Records from a dataset
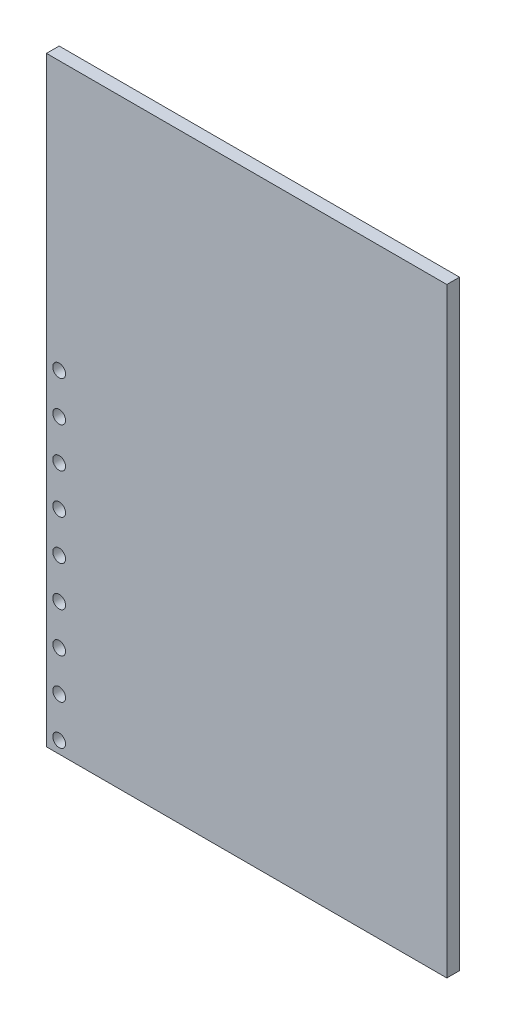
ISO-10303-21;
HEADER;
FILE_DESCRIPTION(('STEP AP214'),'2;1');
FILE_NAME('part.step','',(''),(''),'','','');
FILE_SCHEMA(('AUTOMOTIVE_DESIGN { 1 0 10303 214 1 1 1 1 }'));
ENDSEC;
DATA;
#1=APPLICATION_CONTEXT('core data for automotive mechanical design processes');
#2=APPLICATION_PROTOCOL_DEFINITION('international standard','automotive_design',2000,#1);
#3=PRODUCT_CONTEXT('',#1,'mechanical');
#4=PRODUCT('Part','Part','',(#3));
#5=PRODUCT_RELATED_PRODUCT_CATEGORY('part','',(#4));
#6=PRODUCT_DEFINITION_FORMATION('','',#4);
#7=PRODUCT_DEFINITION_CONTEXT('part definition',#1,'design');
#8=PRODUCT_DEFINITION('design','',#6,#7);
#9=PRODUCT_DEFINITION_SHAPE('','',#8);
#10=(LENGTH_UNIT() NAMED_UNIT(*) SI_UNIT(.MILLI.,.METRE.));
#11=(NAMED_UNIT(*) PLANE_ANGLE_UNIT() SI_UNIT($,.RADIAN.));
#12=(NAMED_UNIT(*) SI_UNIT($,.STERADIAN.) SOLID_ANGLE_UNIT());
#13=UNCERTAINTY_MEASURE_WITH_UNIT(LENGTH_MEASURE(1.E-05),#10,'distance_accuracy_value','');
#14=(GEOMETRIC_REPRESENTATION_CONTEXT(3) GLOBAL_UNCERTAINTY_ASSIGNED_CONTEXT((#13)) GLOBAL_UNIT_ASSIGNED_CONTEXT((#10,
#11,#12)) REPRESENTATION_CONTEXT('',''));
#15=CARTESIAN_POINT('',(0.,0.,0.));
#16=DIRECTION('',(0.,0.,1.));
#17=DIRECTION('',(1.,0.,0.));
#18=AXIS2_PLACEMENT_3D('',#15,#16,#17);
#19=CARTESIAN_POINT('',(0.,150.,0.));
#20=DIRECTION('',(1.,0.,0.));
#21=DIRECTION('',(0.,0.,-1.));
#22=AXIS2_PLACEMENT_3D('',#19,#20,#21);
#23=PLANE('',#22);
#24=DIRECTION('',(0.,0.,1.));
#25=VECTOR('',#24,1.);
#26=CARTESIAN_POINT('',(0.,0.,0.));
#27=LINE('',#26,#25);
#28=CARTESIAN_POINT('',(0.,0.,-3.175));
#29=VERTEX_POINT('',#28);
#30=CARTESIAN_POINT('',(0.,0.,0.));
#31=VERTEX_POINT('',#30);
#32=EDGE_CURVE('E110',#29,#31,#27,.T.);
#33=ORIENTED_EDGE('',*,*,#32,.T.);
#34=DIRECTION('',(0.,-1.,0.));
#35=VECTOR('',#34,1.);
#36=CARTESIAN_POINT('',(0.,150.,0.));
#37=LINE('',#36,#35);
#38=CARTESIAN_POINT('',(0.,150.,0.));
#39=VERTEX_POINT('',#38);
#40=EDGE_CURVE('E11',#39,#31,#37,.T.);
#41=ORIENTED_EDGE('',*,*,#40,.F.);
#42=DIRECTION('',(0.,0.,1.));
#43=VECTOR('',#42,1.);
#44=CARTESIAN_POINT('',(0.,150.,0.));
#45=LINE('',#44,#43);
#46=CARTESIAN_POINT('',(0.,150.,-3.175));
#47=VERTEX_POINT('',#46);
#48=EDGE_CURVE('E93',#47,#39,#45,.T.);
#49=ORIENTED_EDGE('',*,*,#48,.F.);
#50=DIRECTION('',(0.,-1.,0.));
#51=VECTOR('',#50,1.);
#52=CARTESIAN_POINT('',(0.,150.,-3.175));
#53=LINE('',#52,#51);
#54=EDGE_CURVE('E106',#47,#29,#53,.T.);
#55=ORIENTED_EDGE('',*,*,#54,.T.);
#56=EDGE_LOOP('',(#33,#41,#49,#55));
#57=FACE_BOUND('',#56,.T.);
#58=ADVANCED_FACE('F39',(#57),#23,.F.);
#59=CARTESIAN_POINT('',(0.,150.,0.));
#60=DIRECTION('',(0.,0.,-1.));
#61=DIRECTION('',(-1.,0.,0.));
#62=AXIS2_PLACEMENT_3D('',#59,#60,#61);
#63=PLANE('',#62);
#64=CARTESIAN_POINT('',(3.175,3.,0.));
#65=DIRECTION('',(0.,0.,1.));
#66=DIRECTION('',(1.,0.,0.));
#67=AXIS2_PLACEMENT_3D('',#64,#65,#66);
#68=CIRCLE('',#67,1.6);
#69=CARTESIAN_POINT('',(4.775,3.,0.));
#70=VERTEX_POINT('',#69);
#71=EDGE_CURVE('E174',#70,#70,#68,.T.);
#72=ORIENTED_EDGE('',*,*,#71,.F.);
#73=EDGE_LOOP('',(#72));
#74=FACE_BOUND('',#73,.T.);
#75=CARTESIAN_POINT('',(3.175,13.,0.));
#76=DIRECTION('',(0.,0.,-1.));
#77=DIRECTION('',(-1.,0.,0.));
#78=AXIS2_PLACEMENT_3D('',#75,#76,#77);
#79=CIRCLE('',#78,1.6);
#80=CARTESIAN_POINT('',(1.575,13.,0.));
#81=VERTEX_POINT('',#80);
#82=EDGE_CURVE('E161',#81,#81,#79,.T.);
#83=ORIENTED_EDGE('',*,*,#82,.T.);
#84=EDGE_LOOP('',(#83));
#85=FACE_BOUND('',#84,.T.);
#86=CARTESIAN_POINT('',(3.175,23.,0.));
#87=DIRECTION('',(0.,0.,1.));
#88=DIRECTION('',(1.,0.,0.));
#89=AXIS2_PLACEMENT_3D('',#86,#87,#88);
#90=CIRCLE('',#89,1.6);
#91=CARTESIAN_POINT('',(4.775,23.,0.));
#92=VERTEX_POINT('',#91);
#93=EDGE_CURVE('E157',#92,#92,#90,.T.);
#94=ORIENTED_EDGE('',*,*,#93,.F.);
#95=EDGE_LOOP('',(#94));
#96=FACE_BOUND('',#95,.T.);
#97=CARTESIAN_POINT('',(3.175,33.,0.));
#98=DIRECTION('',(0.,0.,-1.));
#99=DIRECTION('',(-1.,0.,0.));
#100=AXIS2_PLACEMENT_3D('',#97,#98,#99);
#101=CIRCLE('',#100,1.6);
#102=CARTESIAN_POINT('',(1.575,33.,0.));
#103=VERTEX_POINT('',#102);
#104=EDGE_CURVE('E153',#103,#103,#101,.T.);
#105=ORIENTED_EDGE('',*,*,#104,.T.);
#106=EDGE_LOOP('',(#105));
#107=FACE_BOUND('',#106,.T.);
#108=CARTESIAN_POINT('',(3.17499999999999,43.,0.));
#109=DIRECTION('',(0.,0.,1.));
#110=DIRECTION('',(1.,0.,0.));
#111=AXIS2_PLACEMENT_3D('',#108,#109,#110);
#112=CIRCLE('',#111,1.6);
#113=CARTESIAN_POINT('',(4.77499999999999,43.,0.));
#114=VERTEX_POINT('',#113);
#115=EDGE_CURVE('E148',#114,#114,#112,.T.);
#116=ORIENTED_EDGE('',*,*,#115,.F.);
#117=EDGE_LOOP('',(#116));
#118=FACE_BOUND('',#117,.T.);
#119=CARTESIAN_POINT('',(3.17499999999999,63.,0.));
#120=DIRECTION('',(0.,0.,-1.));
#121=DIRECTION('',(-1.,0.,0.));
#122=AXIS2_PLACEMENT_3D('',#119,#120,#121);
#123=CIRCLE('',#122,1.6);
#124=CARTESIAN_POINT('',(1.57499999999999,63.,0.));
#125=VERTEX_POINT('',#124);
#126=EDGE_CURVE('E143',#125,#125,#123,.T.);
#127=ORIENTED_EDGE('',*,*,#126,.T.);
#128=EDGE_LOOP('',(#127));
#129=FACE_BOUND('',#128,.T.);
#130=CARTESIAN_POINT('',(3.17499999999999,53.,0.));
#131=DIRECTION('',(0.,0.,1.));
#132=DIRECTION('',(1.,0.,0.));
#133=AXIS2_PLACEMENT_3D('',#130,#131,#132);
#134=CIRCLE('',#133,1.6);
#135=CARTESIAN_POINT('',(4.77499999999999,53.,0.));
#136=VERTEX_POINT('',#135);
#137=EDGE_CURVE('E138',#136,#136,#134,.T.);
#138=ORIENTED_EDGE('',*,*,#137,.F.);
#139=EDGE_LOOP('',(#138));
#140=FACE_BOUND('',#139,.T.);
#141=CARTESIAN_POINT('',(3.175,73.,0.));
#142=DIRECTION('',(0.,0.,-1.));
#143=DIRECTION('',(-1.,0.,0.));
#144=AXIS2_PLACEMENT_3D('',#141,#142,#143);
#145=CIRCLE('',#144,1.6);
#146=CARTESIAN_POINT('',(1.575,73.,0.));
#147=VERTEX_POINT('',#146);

## Exercise goal
The stretch of entries above that starts with the line containing "#124=CARTESIAN_POINT('',(1.57499999999999,63.,0.));" and goes on through the line containing "#142=DIRECTION('',(0.,0.,-1.));" is to be transcribed exactly, and no other line is to be transcribed.

## Result for this exercise
#124=CARTESIAN_POINT('',(1.57499999999999,63.,0.));
#125=VERTEX_POINT('',#124);
#126=EDGE_CURVE('E143',#125,#125,#123,.T.);
#127=ORIENTED_EDGE('',*,*,#126,.T.);
#128=EDGE_LOOP('',(#127));
#129=FACE_BOUND('',#128,.T.);
#130=CARTESIAN_POINT('',(3.17499999999999,53.,0.));
#131=DIRECTION('',(0.,0.,1.));
#132=DIRECTION('',(1.,0.,0.));
#133=AXIS2_PLACEMENT_3D('',#130,#131,#132);
#134=CIRCLE('',#133,1.6);
#135=CARTESIAN_POINT('',(4.77499999999999,53.,0.));
#136=VERTEX_POINT('',#135);
#137=EDGE_CURVE('E138',#136,#136,#134,.T.);
#138=ORIENTED_EDGE('',*,*,#137,.F.);
#139=EDGE_LOOP('',(#138));
#140=FACE_BOUND('',#139,.T.);
#141=CARTESIAN_POINT('',(3.175,73.,0.));
#142=DIRECTION('',(0.,0.,-1.));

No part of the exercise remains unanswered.